4.4. Developing Predictive Models

Cross-plots comparing the measured and the predicted FV values for the standalone ML (RBFNN, MELM) and optimized HML (MELM-GO, RBFNN-GO) models constructed with training data are illustrated in Figure 8.

Predictions generated by the RBFNN-GO model (Figure 8) are in closest proximity to the y = x line, indicating the most accurate trained-model outcomes. RBFNN predictions, on the other hand, exhibit marginally greater variation and deviate more from actual values than RBFNN-GO, indicating less precise estimates. The MELM models generated the most imprecise forecasts, especially the standalone MELM model, which indicates a diminished capacity to accurately quantify the FV.

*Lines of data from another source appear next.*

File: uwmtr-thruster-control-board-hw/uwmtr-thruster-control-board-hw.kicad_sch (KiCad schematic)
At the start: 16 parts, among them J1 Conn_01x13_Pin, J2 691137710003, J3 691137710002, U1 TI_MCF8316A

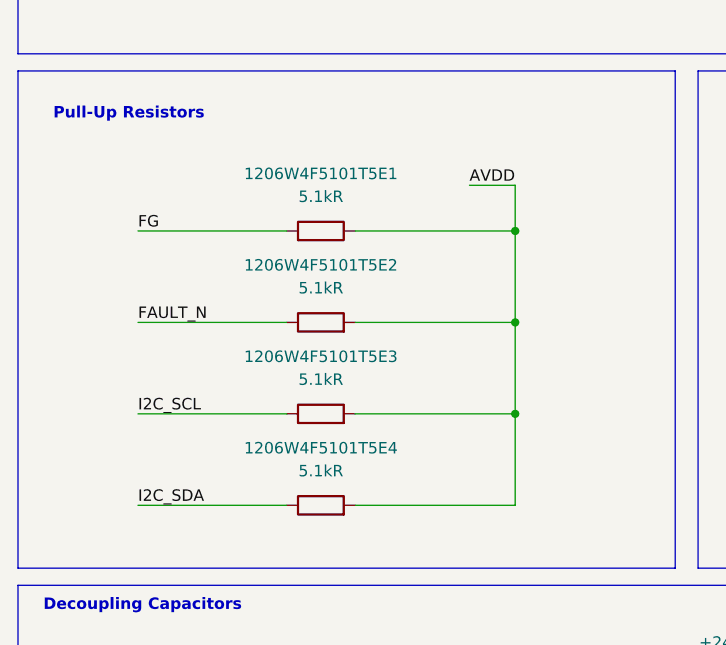
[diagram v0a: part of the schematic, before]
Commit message: Switching resistors to JLCPCB assembly non-extended parts.
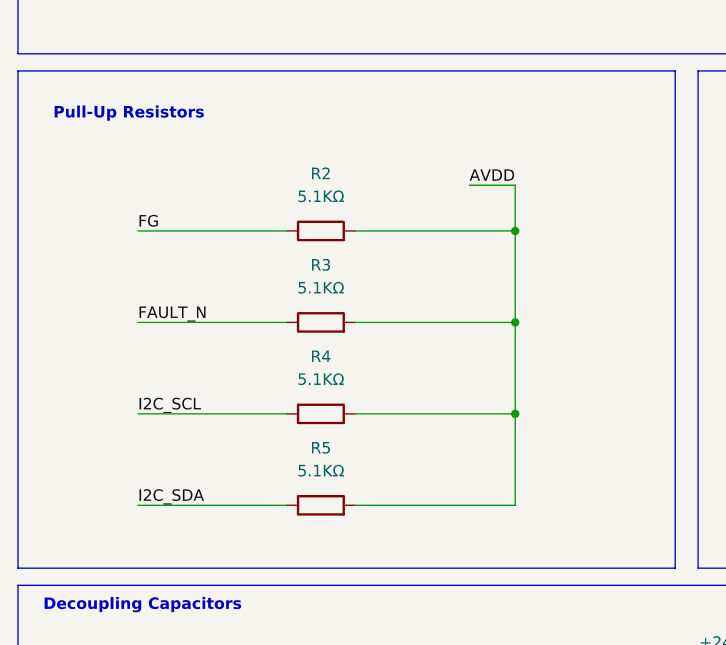
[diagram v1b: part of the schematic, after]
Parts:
- removed 1206W4F5101T5E1, 1206W4F5101T5E2, 1206W4F5101T5E3, 1206W4F5101T5E4: 5.1kR, Resistor_SMD:R_1206_3216Metric, symbol uwmtr-thruster-control-board-hw-custom-symbols:1206W4F5101T5E
- added R2, R3, R4, R5: 5.1KΩ, Resistor_SMD:R_0603_1608Metric, symbol Device:R
- R1: footprint Resistor_THT:R_Axial_DIN0207_L6.3mm_D2.5mm_P10.16mm_Horizontal -> Resistor_SMD:R_1206_3216Metric; JLCPCB Part # (none) -> C17958; MFR.Part # (none) -> 1206W4F220JT5E
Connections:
- net AVDD: now also R2.2, R3.2, R4.2, R5.2
- net FAULT_N: now also R3.1
- net FG: now also R2.1
- net I2C_SCL: now also R4.1
- net I2C_SDA: now also R5.1

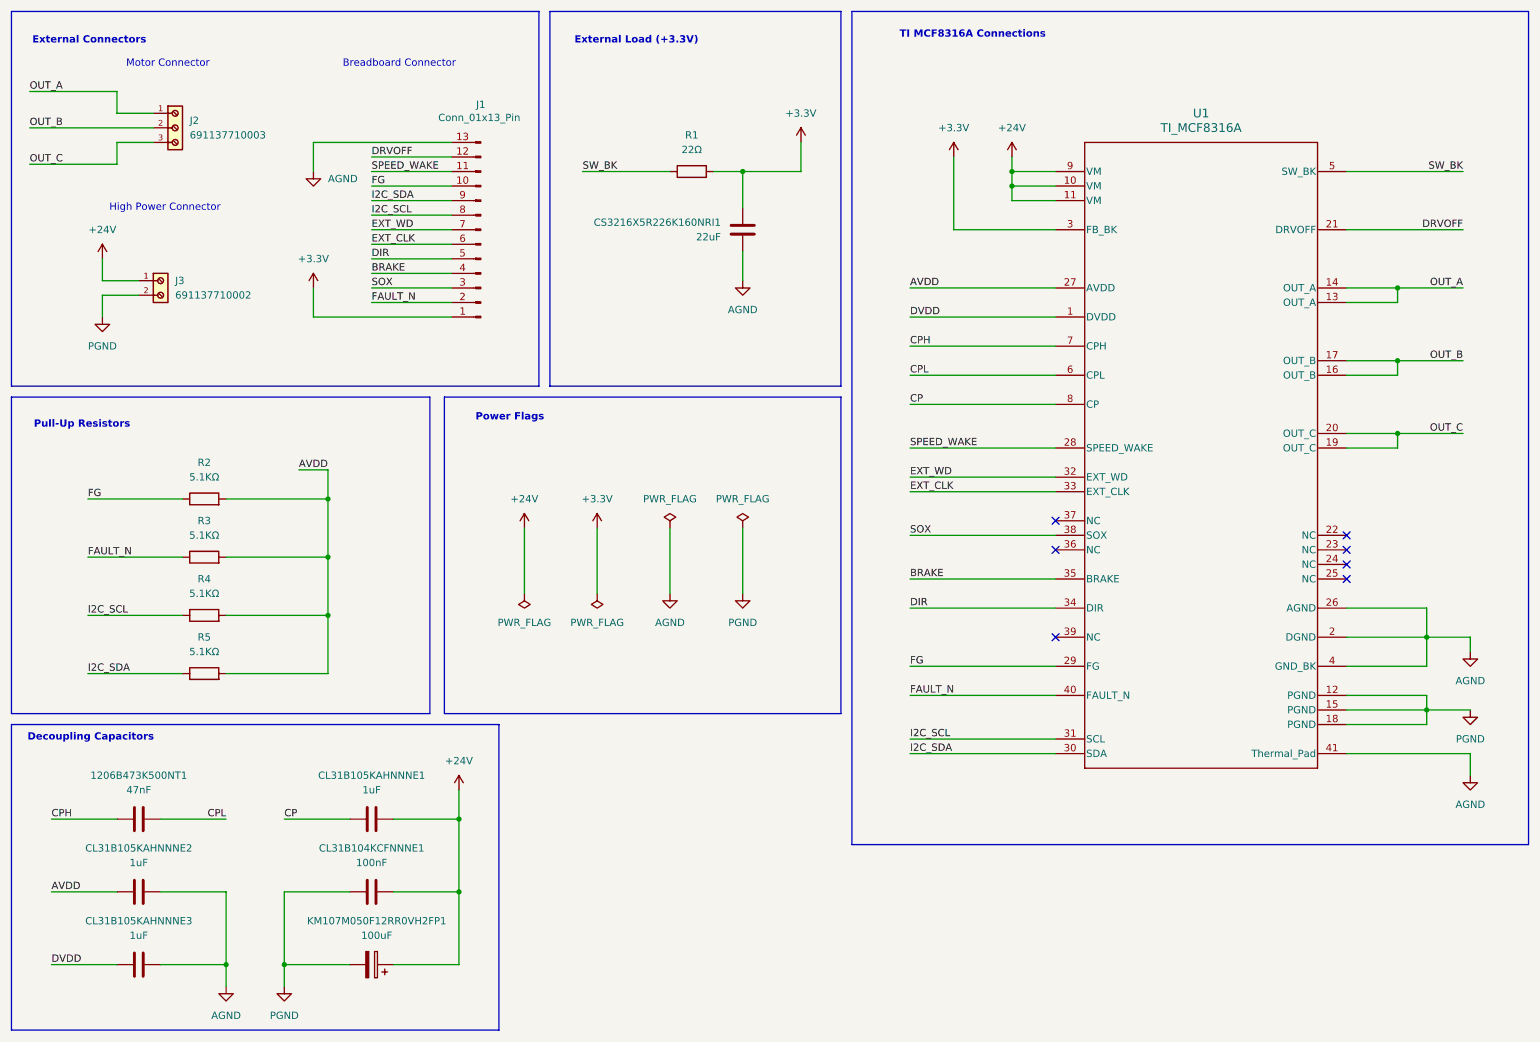
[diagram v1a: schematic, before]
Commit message: Switching components to non-extended library components where applicable and adding labels.
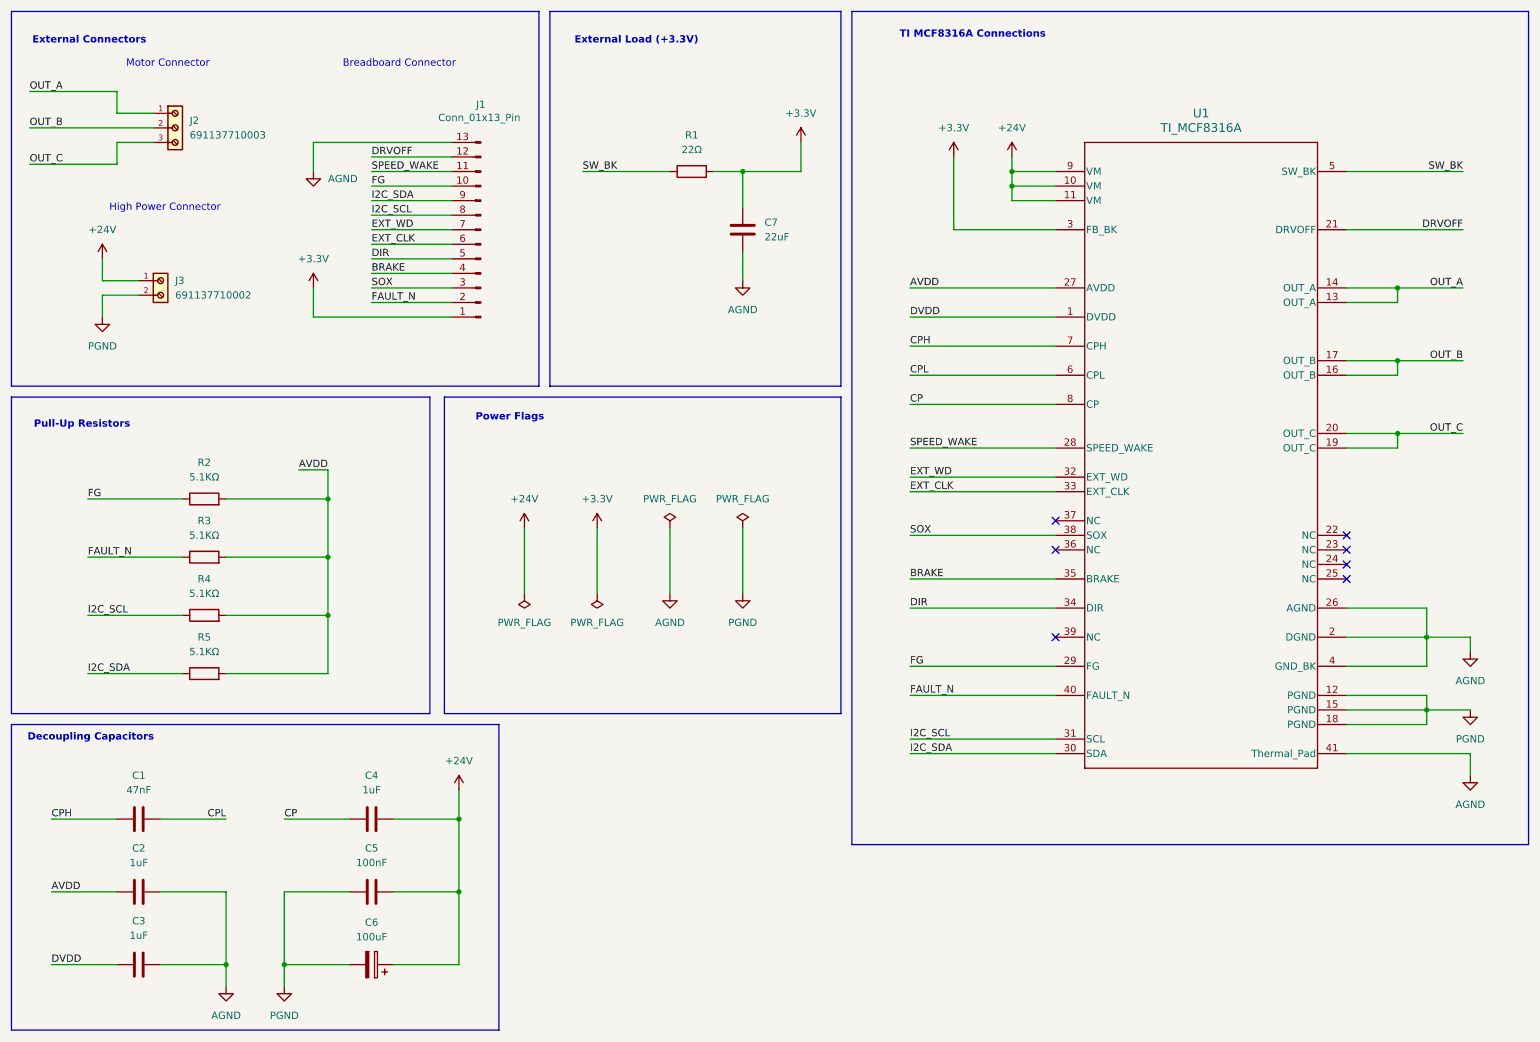
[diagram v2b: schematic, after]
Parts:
- removed 1206B473K500NT1: 47nF, Capacitor_SMD:C_1206_3216Metric, symbol uwmtr-thruster-control-board-hw-custom-symbols:1206B473K500NT
- removed CL31B104KCFNNNE1: 100nF, Capacitor_SMD:C_1206_3216Metric, symbol uwmtr-thruster-control-board-hw-custom-symbols:CL31B104KCFNNNE
- removed CL31B105KAHNNNE1, CL31B105KAHNNNE2, CL31B105KAHNNNE3: 1uF, Capacitor_SMD:C_1206_3216Metric, symbol uwmtr-thruster-control-board-hw-custom-symbols:CL31B105KAHNNNE
- removed CS3216X5R226K160NRI1: 22uF, Capacitor_SMD:C_1206_3216Metric, symbol uwmtr-thruster-control-board-hw-custom-symbols:CS3216X5R226K160NRI
- added C1: 47nF, Capacitor_SMD:C_0603_1608Metric, symbol Device:C
- added C2, C3, C4: 1uF, Capacitor_SMD:C_0603_1608Metric, symbol Device:C
- added C5: 100nF, Capacitor_SMD:C_0603_1608Metric, symbol Device:C
- added C7: 22uF, Capacitor_SMD:C_0603_1608Metric, symbol Device:C
- renumbered KM107M050F12RR0VH2FP1 to C6
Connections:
- net +24V: now also C4.2, C5.2
- net +3.3V: now also C7.2
- net AGND: now also C2.2, C3.2, C7.1
- net AVDD: now also C2.1
- net CP: now also C4.1
- net CPH: now also C1.1
- net CPL: now also C1.2
- net DVDD: now also C3.1
- net PGND: now also C5.1

Figure 9 displays the evolution of the training subset RMSE for sequences of GO iterations. The hybridized RBFNN-GO architecture showed the highest degree of performance consistency, with negligible error fluctuations throughout subsequent optimizations. The RBFNN-GO model converged more slowly than the MELM-GO model but reached an improved solution. The HML models are clearly more effective learners than the standalone models.

The prediction performance metrics applied to the training subset (Table 3) rank the models RBFNN-GO (best) > MELM-GO > RBFNN > MELM (worst).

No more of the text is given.